Pyroot, loop over TTree very slow compared to .C macro

aleopold · February 23, 2018, 2:49pm

Hi! I have a general question about how to speed up my pyroot scripts (if this is possible). I was developing something a while ago, where I had nested loops over ttrees, and that was incredibly slow, so I switched to a .C macro which did the job quite quick.
Since I wondered if I was doing something wrong, I wrote this script in python and the same in c++, doing not very much, just looping over a ttree in a rootfile (the one I’m using is quite big, 41GB)

python script


import ROOT

path = 'path/to/rootfile.root'
root_file = ROOT.TFile(path, 'read')
tree = root_file.Get("Track")

for event in tree:
  pt = event.track_Pt

root_file.Close()

.C macro:

void loopOver() {

  TString path = "path/to/rootfile.root";
  TFile *root_file = new TFile(path, "read");
  TTree *tree = (TTree*) root_file->Get("Track");
  Double_t trackpt;
  tree->SetBranchAddress("track_Pt", &trackpt);
 
  for (int i=0; i<tree->GetEntries(); i++) {
    tree->GetEntry(i);
    Double_t pt = trackpt;
  }

  root_file->Close();
}

If I time both, the .C one takes 28.422s, the python version takes 6m12.019s

Is there something I can do to speed up my python code?

Thanks for your answers!

etejedor · February 23, 2018, 3:18pm

Hi @aleopold,

It is expected that your loop in C++ runs much faster than the equivalent loop in Python, it is due to a language performance difference.
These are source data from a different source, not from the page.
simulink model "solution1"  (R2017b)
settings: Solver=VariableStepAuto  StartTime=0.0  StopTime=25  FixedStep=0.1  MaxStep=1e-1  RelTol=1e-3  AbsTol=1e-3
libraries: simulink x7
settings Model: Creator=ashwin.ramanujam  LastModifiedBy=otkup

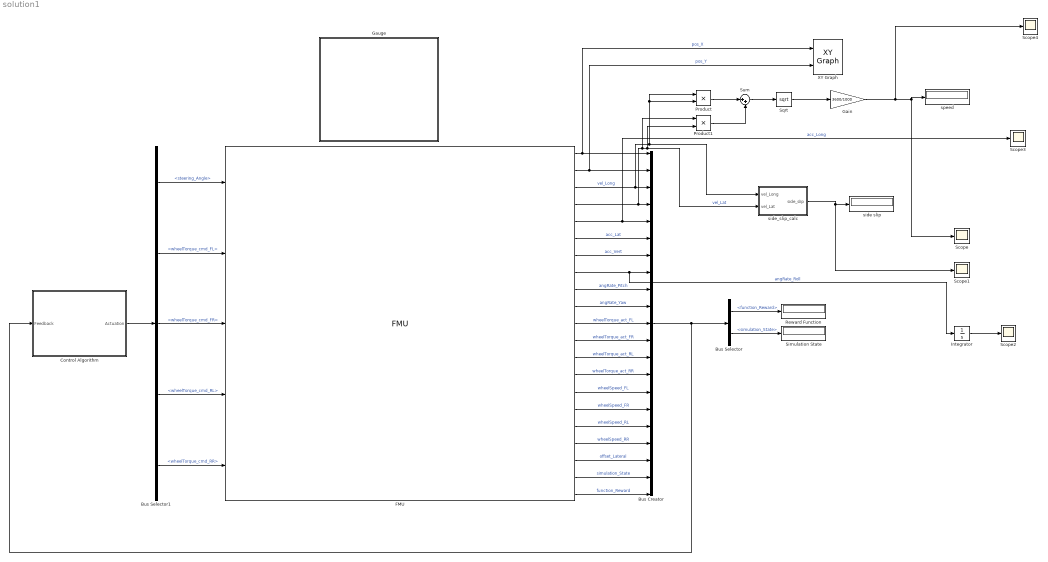
== system solution1 ==
  Bus Creator : BusCreator  Inputs=21
  Bus Selector : BusSelector  OutputSignals=function_Reward,simulation_State
  Bus Selector1 : BusSelector  OutputSignals=steering_Angle,wheelTorque_cmd_FL,wheelTorque_cmd_FR,wheelTorque_cmd_RL,wheelTorque_cmd_RR
  Control Algorithm : Subsystem
  FMU : FMU  FMUName=MED2018_VehicleModel.fmu  FMUDebugLogging=on  FMUMode=CoSimulation  FMUSampleTime=-1  mask(MED2018.VehicleModel [Co-Simulation, v2.0]){}
      mask Display:
      | if (exist([Simulink.fileGenControl('get','CacheFolder') '\slprj\_fmu\e4d23254ffb0d907ce810887e987e94d\MED2018_VehicleModel\model.png'],'file'))
      |     image([Simulink.fileGenControl('get','CacheFolder') '\slprj\_fmu\e4d23254ffb0d907ce810887e987e94d\MED2018_VehicleModel\model.png']);
      |     text(0.03, 0.97, 'MED2018.VehicleModel', 'horizontalAlignment', 'left', 'verticalAlignment', 'top');
      | else
      |     disp('MED2018.VehicleModel');
      | end
      | port_label('output',1,'pos_X');
      | port_label('output',2,'pos_Y');
      | port_label('output',3,'vel_Long');
      | port_label('output',4,'vel_Lat');
      | port_label('output',5,'acc_Long');
      | port_label('output',6,'acc_Lat');
      | port_label('output',7,'acc_Vert');
      | port_label('output',8,'angRate_Roll');
      | port_label('output',9,'angRate_Pitch');
      | port_label('output',10,'angRate_Yaw');
      | port_label('output',11,'wheellTorque_act_FL');
      | port_label('output',12,'wheelTorque_act_FR');
      | port_label('output',13,'wheelTorque_act_RL');
      | port_label('output',14,'wheelTorque_act_RR');
      | port_label('output',15,'wheelSpeed_FL');
      | port_label('output',16,'wheelSpeed_FR');
      | port_label('output',17,'wheelSpeed_RL');
      | port_label('output',18,'wheelSpeed_RR');
      | port_label('output',19,'offset_Lateral');
      | port_label('output',20,'simulation_State');
      | port_label('output',21,'function_Reward');
      | port_label('input',1,'steering_Angle');
      | port_label('input',2,'wheelTorque_cmd_FL');
      | port_label('input',3,'wheelTorque_cmd_FR');
      | port_label('input',4,'wheelTorque_cmd_RL');
      | port_label('input',5,'wheelTorque_cmd_RR');
  Gain : Gain  Gain=3600/1000
  Gauge : Subsystem  DialogController=hmiCreateDDGDialog  IsWebBlock=on  mask(MWDashboardBlock){webBlockId=95ecb222-2df1-432b-9766-14efc8d26a24, webBlockType=circulargauge, ShowInLibBrowser=on, ShowInitialText=on, HMISrcModelName=solution1}
      mask prompts: webBlockId "WebBlock Id"; webBlockType "WebBlock Type"; HMISrcModelName "Source Model"
      mask help: SimulinkHMI:dialogs:CircularGaugeDialogDesc
      mask Help: helpview([docroot '/mapfiles/simulink.map'], 'hmi_gauge')
      mask Display:
      | if strcmp(get_param(bdroot(gcb),'BlockDiagramType'), 'library')
      |     image([(matlabroot) '/toolbox/simulink/hmi/icons/CircularGauge.png']);
      | end
  Integrator : Integrator
  Product : Product
  Product1 : Product
  Reward Function : Display
  Scope{,1..4} (5 alike) : Scope
  Simulation State : Display
  Sqrt : Sqrt  SaturateOnIntegerOverflow=on
  Sum : Sum  Inputs=|++
  XY Graph : simulink/Sinks/XY Graph  xmin=-100  xmax=200  ymin=-100  ymax=200  st=-1
  "side slip " : Display
  side_slip_calc : Subsystem
  "speed " : Display
  wires:
  Control Algorithm/1(Actuation) -> Bus Selector1/1
  Bus Selector1/1 -> FMU/1  "<steering_Angle>"
  Bus Selector1/2 -> FMU/2  "<wheelTorque_cmd_FL>"
  Bus Selector1/3 -> FMU/3  "<wheelTorque_cmd_FR>"
  Bus Selector1/4 -> FMU/4  "<wheelTorque_cmd_RL>"
  Bus Selector1/5 -> FMU/5  "<wheelTorque_cmd_RR>"
  FMU/1 -> XY Graph/1, Bus Creator/1  "pos_X"
  FMU/2 -> XY Graph/2, Bus Creator/2  "pos_Y"
  FMU/3 -> side_slip_calc/1(vel_Long), Product/2, Product/1, Bus Creator/3  "vel_Long"
  FMU/4 -> Product1/1, side_slip_calc/2(vel_Lat), Product1/2, Bus Creator/4  "vel_Lat"
  FMU/5 -> Scope3/1, Bus Creator/5  "acc_Long"
  FMU/6 -> Bus Creator/6  "acc_Lat"
  FMU/7 -> Bus Creator/7  "acc_Vert"
  FMU/8 -> Integrator/1, Bus Creator/8  "angRate_Roll"
  FMU/9 -> Bus Creator/9  "angRate_Pitch"
  FMU/10 -> Bus Creator/10  "angRate_Yaw"
  FMU/11 -> Bus Creator/11  "wheelTorque_act_FL"
  FMU/12 -> Bus Creator/12  "wheelTorque_act_FR"
  FMU/13 -> Bus Creator/13  "wheelTorque_act_RL"
  FMU/14 -> Bus Creator/14  "wheelTorque_act_RR"
  FMU/15 -> Bus Creator/15  "wheelSpeed_FL"
  FMU/16 -> Bus Creator/16  "wheelSpeed_FR"
  FMU/17 -> Bus Creator/17  "wheelSpeed_RL"
  FMU/18 -> Bus Creator/18  "wheelSpeed_RR"
  FMU/19 -> Bus Creator/19  "offset_Lateral"
  FMU/20 -> Bus Creator/20  "simulation_State"
  FMU/21 -> Bus Creator/21  "function_Reward"
  Bus Creator/1 -> Bus Selector/1, Control Algorithm/1(Feedback)
  Bus Selector/1 -> Reward Function/1  "<function_Reward>"
  Bus Selector/2 -> Simulation State/1  "<simulation_State>"
  Product1/1 -> Sum/2
  Product/1 -> Sum/1
  Sum/1 -> Sqrt/1
  Sqrt/1 -> Gain/1
  Gain/1 -> Scope4/1, "speed "/1, Scope/1
  Integrator/1 -> Scope2/1
  side_slip_calc/1(side_slip) -> Scope1/1, "side slip "/1

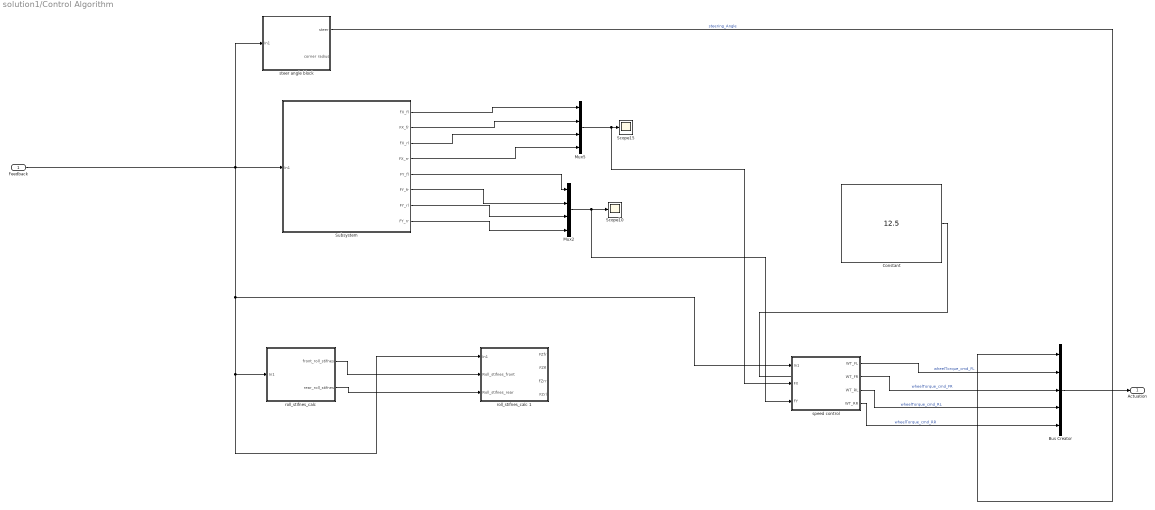
== system solution1/Control Algorithm ==
  Feedback : Inport
  Bus Creator : BusCreator  Inputs=5
  Constant : Constant  Value=12.5
  Mux2 : Mux
  Mux5 : Mux
  Scope10 : Scope
  Scope15 : Scope
  Subsystem : Subsystem
  "roll_stifnes_calc " : Subsystem
  roll_stifnes_calc 1 : Subsystem
  speed control : Subsystem
  "steer angle block " : Subsystem
  Actuation : Outport
  wires:
  speed control/4(WT_RR) -> Bus Creator/5  "wheelTorque_cmd_RR"
  speed control/1("WT_FL ") -> Bus Creator/2  "wheelTorque_cmd_FL"
  speed control/3(WT_RL) -> Bus Creator/4  "wheelTorque_cmd_RL"
  "steer angle block "/1("steer ") -> Bus Creator/1  "steering_Angle"
  speed control/2(WT_FR) -> Bus Creator/3  "wheelTorque_cmd_FR"
  Bus Creator/1 -> Actuation/1
  "roll_stifnes_calc "/1(front_roll_stifnes) -> roll_stifnes_calc 1/2(Roll_stifnes_front)
  "roll_stifnes_calc "/2(rear_roll_stifnes) -> roll_stifnes_calc 1/3("Roll_stifnes_rear ")
  Feedback/1 -> speed control/1(In1), roll_stifnes_calc 1/1(In1), "roll_stifnes_calc "/1(In1), "steer angle block "/1(In1), Subsystem/1(In1)
  Constant/1 -> ?
  Mux5/1 -> speed control/2(FX), Scope15/1
  Mux2/1 -> speed control/3(FY), Scope10/1
  Subsystem/1(FX_fl) -> Mux5/1
  Subsystem/2(FX_fr) -> Mux5/2
  Subsystem/3(FX_rl) -> Mux5/3
  Subsystem/4(FX_rr) -> Mux5/4
  Subsystem/5(FY_fl) -> Mux2/1
  Subsystem/6(FY_fr) -> Mux2/2
  Subsystem/7(FY_rl) -> Mux2/3
  Subsystem/8(FY_rr) -> Mux2/4

== system solution1/Gauge ==

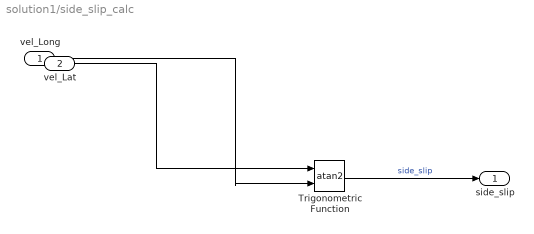
== system solution1/side_slip_calc ==
  vel_Long : Inport
  vel_Lat : Inport  Port=2
  Trigonometric Function : Trigonometry  Operator=atan2
  side_slip : Outport
  wires:
  Trigonometric Function/1 -> side_slip/1  "side_slip"
  vel_Lat/1 -> Trigonometric Function/1
  vel_Long/1 -> Trigonometric Function/2

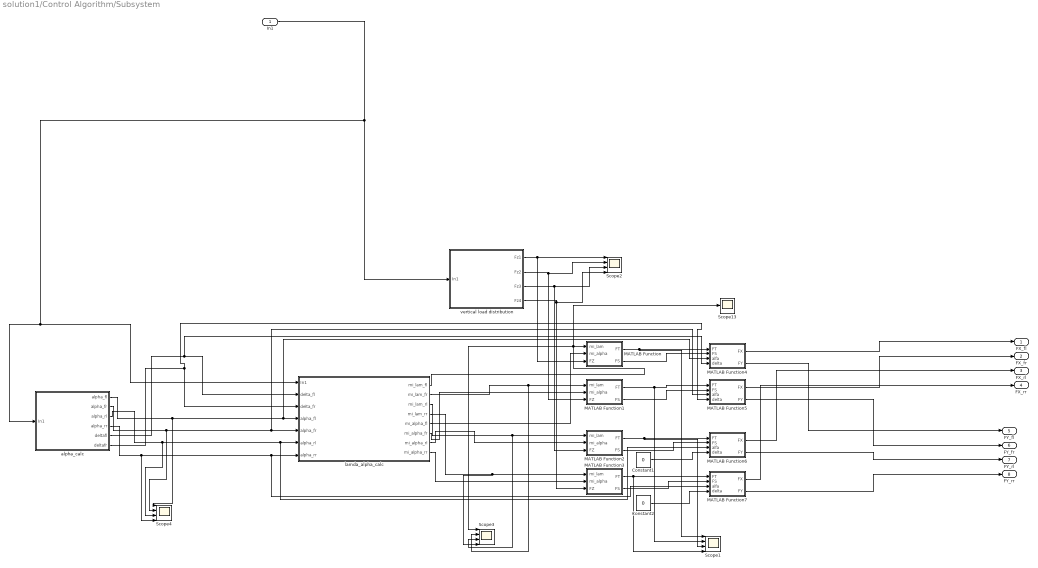
== system solution1/Control Algorithm/Subsystem ==
  In1 : Inport
  Constant1 : Constant  Value=0
  Constant2 : Constant  Value=0
  MATLAB Function : MATLAB Function  TreatAsAtomicUnit=on
  MATLAB Function1 : MATLAB Function  TreatAsAtomicUnit=on
  MATLAB Function2 : MATLAB Function  TreatAsAtomicUnit=on
  MATLAB Function3 : MATLAB Function  TreatAsAtomicUnit=on
  MATLAB Function4 : MATLAB Function  TreatAsAtomicUnit=on
  MATLAB Function5 : MATLAB Function  TreatAsAtomicUnit=on
  MATLAB Function6 : MATLAB Function  TreatAsAtomicUnit=on
  MATLAB Function7 : MATLAB Function  TreatAsAtomicUnit=on
  Scope{1..4} (4 alike) : Scope  NumInputPorts=4
  Scope13 : Scope
  alpha_calc : Subsystem
  lamda_alpha_calc : Subsystem
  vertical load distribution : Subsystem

One way to speed up your Python code when you are reading a tree is to actually hide the loop into C++. This is precisely what the TDataFrame class does, please have a look at:

https://root.cern.ch/doc/v612/classROOT_1_1Experimental_1_1TDataFrame.html

It proposes a declarative approach to process data in ROOT trees. I would be happy to guide you through transforming your tree processing code into a TDataFrame chain of operations, if you are interested.

Cheers,

Enric

behrenhoff · February 23, 2018, 3:20pm

This thread might cover most of the things: Iteration over a tree in pyroot - performance issue

Easiest improvement is to activate only the required branches. Other than that, the liked thread contains a lot of benchmarks.

I would also modernize your C++ code to (make a performance test with this):

void loopOver() {
  TString path = "path/to/rootfile.root";
  TFile *root_file = TFile::Open(path, "read");
  TTreeReader reader("Track", root_file);
  TTreeReaderValue<Double_t> rvTrackPt(reader, "track_Pt");
  while (reader.Next()) {
    Double_t pt = *rvTrackPt;
    // do something with pt
  }
}

wlav · February 23, 2018, 5:14pm

Article: Optimizing python-based ROOT I/O with PyPy’s tracing just-in-time compiler

And the results from the last time I touched it (see slide 17; running at C++ speeds accomplished): ROOT User’s Workshop 2013

If use of Python in HEP ever reaches critical mass, then maybe management can be convinced to invest in such work, so that you can have your cake and eat it, too.

Until then, which version of Python do you use? With recent benchmarking, I found a sweet improvement in p3.6 over p2.7 (even more so for cppyy master).

eguiraud · February 24, 2018, 11:51am

a bit off topic, but

If use of Python in HEP ever reaches critical mass

python usage in HEP is pervasive. I don’t know any PhD student that does not use python at least as much as they use C++.

EDIT:
more on topic, if you have access to ROOT v6.12 (e.g. on lxplus7), you might be interested in timing something like this, in python:

import ROOT
tdf = ROOT.ROOT.Experimental.TDataFrame('Track', 'path/to/rootfile.root')
hist = tdf.Histo1D("track_Pt").GetValue()

The loop is run on a single thread for fairer comparison with your other macros, but with TDataFrame it’s awkward (by design) to just deserialize a variable and do nothing with it, so I’m filling a histogram instead.

aleopold · February 28, 2018, 12:58pm

Thanks a lot for all of your input! I’m going to look at the different possibilities to see what suits my needs best.

Also the TTreeReader side remark will go instantly into my code!

Best,
Alex

system · March 14, 2018, 12:58pm

This topic was automatically closed 14 days after the last reply. New replies are no longer allowed.